Winner of the Arabic Booker Prize, novelist, poet, artist, and photographer of Palestinian origin

The Jordanian-Palestinian poet, writer, and photographer Ibrahim Nasrallah was born in 1954 in Amman, the capital of the Hashemite Kingdom of Jordan. As the son of Palestinian parents who were relocated in 1948, he spent his childhood and youth at the Al-Wehdat Palestinian refugee camp. He studied at UN schools for Palestinian refugees and at the UNRWA Teacher Training College in Amman, after which he worked as a teacher in the Al Qunfudhah region of Saudi Arabia for two years. He processes his experiences duringthat time in his first novel »Prairies of Fever« (1985), which »The Guardian« named as one of the ten most important novels about the Arab world. Between 1978 and 1996, he worked as a journalist. Back in Jordan, Nasrallah wrote for various newspapers as well as for the Abed Al-Hameed Shoman Foundation. In 2006, he became a freelance writer.

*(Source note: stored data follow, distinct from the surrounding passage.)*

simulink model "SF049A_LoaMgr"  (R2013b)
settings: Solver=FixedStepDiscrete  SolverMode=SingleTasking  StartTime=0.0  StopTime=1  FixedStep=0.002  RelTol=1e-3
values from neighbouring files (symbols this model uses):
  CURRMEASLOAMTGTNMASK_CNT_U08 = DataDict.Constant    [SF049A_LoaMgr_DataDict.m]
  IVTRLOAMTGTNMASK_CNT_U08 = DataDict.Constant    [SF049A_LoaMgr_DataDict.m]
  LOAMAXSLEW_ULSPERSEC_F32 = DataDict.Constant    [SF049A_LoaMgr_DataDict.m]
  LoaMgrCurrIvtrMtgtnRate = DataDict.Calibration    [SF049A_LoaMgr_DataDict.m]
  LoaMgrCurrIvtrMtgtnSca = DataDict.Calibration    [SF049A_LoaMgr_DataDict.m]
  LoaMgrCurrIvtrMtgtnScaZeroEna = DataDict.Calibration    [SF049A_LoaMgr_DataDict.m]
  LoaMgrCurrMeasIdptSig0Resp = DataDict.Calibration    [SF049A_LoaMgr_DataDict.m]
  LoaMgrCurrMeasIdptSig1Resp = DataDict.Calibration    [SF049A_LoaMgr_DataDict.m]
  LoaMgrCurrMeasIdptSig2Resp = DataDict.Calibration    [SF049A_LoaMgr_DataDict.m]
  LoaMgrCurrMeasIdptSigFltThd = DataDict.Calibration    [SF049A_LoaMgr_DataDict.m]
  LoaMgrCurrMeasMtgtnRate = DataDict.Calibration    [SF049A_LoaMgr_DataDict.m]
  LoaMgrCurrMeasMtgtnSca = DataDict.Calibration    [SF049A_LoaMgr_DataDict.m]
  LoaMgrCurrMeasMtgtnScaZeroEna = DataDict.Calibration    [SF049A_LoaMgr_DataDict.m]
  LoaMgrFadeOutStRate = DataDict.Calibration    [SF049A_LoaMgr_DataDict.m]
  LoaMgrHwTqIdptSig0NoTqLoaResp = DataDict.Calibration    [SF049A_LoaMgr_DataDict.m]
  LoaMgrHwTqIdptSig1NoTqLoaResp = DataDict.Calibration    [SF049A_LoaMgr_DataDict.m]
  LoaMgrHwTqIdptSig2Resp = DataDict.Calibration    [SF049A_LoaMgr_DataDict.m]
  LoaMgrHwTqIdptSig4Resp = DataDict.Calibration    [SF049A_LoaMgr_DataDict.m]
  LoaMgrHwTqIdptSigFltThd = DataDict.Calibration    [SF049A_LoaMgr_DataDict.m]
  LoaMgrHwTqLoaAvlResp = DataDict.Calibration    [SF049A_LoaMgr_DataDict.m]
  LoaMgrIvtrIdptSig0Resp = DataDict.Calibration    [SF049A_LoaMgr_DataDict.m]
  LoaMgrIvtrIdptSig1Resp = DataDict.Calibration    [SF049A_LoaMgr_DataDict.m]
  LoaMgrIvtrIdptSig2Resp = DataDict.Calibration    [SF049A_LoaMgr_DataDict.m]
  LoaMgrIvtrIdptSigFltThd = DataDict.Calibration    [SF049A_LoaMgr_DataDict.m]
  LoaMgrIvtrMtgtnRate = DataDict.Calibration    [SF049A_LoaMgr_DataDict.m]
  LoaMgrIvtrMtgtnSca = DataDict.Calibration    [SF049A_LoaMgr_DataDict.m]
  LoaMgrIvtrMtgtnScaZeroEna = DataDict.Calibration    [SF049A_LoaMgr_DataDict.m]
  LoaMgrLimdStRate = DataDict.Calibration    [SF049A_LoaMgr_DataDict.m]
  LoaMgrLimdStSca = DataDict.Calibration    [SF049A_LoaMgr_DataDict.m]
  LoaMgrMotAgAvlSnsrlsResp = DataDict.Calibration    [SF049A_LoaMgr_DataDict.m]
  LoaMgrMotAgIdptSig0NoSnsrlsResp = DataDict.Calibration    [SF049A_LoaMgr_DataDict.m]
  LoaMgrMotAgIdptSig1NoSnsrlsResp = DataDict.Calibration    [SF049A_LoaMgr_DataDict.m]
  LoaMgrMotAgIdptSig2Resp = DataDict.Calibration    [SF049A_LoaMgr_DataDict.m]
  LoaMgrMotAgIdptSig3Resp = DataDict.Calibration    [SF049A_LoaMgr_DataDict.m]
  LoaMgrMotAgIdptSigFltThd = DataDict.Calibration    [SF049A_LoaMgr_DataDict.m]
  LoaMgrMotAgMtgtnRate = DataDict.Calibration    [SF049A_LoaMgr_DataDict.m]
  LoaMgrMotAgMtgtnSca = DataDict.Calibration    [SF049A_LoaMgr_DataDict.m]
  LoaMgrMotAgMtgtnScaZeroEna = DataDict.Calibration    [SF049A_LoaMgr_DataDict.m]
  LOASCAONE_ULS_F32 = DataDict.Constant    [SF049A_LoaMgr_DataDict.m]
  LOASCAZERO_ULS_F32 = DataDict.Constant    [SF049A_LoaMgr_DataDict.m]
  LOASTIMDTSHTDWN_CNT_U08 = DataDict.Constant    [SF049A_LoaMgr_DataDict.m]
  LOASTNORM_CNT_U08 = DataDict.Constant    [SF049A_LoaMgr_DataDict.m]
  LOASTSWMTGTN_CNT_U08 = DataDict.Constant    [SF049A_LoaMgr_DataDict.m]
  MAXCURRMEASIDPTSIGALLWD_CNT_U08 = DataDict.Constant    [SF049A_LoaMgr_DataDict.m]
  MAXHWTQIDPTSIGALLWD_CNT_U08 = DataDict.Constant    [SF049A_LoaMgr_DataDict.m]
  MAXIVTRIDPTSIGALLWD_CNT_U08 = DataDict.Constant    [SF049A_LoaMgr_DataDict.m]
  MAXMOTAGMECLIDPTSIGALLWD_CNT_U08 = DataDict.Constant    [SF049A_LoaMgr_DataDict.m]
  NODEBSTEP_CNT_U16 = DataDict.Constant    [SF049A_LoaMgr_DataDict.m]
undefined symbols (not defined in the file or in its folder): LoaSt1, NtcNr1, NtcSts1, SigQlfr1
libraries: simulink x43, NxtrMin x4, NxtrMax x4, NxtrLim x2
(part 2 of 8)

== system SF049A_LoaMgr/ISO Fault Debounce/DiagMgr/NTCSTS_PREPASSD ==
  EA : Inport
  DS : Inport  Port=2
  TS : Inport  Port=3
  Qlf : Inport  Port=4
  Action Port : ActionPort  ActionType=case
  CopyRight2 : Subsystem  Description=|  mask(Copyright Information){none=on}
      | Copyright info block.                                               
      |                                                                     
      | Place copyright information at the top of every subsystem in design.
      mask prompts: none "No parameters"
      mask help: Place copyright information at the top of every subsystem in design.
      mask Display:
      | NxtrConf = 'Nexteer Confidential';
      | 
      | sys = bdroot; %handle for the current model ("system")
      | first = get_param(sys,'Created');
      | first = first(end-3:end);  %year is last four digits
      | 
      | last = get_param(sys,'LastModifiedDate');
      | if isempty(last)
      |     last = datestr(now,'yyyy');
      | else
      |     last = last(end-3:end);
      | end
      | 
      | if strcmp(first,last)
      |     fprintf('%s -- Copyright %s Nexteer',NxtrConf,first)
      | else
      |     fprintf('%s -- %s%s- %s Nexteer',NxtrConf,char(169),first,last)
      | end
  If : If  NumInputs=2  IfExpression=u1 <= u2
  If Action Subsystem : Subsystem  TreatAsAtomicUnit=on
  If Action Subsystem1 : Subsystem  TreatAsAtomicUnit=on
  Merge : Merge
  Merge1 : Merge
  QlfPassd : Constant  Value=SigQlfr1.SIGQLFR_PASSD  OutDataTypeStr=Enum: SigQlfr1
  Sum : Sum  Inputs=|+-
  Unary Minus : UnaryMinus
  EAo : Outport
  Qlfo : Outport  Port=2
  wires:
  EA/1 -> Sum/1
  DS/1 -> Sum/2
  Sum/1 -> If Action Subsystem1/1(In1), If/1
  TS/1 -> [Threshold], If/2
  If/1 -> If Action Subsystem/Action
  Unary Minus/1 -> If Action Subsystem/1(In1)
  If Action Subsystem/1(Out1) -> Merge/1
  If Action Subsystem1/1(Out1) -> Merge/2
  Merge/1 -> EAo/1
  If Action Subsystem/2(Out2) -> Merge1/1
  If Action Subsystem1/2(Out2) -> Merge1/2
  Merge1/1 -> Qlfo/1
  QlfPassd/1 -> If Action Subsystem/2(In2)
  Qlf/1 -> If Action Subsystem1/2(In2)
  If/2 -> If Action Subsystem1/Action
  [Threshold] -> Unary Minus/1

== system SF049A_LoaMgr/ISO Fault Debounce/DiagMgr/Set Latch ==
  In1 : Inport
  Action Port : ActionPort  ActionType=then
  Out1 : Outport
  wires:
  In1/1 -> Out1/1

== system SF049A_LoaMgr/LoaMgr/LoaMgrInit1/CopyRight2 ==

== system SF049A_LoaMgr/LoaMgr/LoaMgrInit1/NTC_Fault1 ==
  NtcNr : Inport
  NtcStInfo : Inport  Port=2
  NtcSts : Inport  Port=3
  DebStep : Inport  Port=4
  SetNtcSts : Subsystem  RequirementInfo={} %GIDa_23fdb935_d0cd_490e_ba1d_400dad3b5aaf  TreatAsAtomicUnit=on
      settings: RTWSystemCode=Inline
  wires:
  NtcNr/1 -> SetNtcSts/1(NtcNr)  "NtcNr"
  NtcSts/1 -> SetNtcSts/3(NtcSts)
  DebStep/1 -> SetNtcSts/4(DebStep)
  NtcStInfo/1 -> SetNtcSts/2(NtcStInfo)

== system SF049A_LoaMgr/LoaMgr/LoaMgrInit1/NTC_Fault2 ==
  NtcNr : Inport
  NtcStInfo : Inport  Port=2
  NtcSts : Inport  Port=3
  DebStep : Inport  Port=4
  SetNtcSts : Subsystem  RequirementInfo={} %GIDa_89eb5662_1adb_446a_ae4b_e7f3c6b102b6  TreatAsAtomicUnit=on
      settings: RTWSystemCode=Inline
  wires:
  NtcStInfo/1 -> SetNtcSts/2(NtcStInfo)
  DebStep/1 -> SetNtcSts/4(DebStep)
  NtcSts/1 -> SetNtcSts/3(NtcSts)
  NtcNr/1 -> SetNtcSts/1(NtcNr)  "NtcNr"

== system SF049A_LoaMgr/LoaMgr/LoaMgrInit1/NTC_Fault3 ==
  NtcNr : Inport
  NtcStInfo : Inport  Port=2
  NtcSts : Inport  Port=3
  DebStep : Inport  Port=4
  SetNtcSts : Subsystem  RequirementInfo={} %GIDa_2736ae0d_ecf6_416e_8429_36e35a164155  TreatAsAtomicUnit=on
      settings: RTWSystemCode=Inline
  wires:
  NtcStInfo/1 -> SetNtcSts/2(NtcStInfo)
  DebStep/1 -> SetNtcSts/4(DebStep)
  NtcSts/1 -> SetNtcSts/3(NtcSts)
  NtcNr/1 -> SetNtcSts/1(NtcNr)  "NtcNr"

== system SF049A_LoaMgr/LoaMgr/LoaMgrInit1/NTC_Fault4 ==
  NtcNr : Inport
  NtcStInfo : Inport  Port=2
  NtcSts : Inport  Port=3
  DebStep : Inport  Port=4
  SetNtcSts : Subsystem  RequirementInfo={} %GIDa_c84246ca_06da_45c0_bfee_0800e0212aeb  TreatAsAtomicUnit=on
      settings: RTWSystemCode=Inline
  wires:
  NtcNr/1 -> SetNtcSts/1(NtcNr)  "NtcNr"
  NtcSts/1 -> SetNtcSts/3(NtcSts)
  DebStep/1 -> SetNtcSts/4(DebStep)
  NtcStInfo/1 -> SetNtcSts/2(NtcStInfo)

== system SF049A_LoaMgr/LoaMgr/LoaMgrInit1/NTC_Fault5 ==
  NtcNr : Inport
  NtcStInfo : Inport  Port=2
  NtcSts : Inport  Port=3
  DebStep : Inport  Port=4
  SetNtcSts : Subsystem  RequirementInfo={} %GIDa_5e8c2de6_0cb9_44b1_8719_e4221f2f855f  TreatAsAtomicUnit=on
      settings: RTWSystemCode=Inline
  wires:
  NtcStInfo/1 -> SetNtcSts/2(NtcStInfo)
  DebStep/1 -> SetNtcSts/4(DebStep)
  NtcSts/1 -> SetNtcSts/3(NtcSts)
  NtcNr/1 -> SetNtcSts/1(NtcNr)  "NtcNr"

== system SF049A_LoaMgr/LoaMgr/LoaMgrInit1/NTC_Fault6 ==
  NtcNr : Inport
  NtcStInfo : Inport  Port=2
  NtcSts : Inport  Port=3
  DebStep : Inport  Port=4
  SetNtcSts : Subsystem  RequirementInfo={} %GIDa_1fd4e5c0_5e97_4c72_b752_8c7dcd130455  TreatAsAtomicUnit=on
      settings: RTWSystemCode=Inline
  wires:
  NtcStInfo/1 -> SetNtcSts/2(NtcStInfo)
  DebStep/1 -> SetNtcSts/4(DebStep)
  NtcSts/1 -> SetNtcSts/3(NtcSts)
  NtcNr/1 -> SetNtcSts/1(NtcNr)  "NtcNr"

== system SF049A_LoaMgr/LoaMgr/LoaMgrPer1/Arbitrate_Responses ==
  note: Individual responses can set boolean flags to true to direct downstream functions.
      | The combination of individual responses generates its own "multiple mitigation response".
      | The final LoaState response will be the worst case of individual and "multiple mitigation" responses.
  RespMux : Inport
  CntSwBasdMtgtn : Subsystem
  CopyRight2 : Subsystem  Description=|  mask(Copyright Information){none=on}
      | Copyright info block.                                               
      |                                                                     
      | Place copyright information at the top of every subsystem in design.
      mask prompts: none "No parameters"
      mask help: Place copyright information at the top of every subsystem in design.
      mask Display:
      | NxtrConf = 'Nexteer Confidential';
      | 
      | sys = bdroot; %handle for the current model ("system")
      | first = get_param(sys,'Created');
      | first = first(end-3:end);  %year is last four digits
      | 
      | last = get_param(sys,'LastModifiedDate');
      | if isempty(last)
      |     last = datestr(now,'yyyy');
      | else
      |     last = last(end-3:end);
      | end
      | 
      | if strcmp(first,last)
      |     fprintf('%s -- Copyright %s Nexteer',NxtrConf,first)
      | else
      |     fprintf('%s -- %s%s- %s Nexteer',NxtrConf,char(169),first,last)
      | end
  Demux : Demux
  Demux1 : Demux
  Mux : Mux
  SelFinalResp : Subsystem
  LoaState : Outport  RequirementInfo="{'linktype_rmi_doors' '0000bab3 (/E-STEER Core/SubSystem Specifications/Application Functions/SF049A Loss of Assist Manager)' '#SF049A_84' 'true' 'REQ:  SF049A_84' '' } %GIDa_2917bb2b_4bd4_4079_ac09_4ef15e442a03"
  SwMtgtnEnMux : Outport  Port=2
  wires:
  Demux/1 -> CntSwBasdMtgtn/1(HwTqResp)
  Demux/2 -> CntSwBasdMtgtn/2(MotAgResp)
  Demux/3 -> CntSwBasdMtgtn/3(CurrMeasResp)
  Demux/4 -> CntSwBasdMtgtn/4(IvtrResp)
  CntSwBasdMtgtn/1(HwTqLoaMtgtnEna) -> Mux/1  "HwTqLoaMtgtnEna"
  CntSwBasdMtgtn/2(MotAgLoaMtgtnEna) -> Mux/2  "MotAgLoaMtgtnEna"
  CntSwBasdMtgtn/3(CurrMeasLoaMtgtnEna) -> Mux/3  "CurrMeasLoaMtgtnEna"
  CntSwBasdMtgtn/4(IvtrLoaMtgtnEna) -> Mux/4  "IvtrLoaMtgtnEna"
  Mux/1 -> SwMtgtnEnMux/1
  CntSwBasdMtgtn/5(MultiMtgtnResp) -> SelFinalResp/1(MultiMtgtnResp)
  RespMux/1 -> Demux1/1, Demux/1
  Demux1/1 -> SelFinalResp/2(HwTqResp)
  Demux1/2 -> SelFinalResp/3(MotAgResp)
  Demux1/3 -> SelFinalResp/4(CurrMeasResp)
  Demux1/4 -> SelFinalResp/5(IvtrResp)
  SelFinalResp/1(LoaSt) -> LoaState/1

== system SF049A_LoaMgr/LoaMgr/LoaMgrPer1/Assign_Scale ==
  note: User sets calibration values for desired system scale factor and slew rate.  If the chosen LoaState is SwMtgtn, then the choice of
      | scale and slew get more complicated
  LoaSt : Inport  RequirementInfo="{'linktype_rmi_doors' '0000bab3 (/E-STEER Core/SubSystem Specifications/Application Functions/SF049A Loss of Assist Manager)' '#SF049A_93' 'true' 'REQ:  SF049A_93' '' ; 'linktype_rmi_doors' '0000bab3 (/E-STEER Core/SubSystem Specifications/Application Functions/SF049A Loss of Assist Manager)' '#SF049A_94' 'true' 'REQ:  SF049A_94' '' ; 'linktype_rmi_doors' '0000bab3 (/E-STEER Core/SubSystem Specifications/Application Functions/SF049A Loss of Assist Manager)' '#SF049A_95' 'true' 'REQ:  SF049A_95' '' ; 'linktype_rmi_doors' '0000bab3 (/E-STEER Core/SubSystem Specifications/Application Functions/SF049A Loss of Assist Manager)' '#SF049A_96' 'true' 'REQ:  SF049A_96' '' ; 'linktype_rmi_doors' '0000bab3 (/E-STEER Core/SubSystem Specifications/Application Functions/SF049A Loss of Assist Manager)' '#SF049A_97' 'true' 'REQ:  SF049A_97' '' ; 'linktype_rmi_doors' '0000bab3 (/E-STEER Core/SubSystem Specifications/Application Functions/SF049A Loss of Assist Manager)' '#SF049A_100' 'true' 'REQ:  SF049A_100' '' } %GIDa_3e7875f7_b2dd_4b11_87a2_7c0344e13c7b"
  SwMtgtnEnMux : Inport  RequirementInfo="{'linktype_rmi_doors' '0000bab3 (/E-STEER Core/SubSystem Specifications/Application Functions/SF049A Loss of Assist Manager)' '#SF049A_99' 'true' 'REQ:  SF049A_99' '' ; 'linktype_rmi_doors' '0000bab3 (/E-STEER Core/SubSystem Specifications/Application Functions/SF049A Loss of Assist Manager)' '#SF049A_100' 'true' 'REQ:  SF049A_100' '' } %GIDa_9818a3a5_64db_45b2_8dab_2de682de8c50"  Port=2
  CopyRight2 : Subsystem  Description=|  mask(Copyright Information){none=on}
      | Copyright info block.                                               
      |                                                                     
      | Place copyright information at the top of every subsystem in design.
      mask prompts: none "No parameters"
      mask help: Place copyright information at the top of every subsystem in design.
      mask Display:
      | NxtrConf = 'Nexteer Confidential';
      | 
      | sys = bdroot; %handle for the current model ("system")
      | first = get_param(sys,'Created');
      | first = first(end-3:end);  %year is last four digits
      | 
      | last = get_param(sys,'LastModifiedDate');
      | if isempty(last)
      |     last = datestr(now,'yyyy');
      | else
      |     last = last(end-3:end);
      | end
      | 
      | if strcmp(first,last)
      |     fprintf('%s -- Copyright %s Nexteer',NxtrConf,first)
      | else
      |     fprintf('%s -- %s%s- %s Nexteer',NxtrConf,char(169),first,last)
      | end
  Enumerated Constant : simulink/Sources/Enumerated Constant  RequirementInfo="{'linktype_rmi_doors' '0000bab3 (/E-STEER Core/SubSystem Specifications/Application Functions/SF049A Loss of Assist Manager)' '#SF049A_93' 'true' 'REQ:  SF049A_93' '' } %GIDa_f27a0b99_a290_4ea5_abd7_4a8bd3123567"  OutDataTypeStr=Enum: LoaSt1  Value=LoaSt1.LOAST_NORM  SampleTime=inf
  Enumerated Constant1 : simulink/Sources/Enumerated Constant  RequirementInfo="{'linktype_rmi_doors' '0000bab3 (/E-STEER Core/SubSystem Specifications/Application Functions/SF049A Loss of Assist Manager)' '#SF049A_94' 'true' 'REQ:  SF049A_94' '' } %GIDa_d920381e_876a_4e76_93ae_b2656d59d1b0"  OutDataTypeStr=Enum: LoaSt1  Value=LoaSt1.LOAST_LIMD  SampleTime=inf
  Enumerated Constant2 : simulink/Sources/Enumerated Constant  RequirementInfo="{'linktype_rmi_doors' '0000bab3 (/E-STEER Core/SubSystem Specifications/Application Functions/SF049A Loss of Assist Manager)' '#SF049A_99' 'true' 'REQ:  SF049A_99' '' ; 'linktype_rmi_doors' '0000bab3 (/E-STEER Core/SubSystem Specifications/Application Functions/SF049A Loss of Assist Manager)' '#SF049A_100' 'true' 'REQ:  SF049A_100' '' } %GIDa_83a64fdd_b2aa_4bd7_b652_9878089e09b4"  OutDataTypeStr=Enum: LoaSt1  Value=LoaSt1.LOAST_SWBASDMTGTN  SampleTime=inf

To date, Nasrallah has published seventeen collections of poetry, two poetry volumes for children, and sixteen novels –some of which have been translated into English, Italian, Danish, and Turkish – including an ambitious project of eight volumes on modern Palestinian history. One of the volumes, »Time of White Horses« (2007), was shortlisted for the International Prize for Arabic Fiction in 2009 and received numerous accolades. The book is about three generations of a family from a Palestinian village, beginning with the collapse of the Ottoman occupation, continuing through the British Mandate for Palestine and finally the »Nakba«, the 1948 exodus when Palestinian Arabs fled and were expelled from the former British Mandate.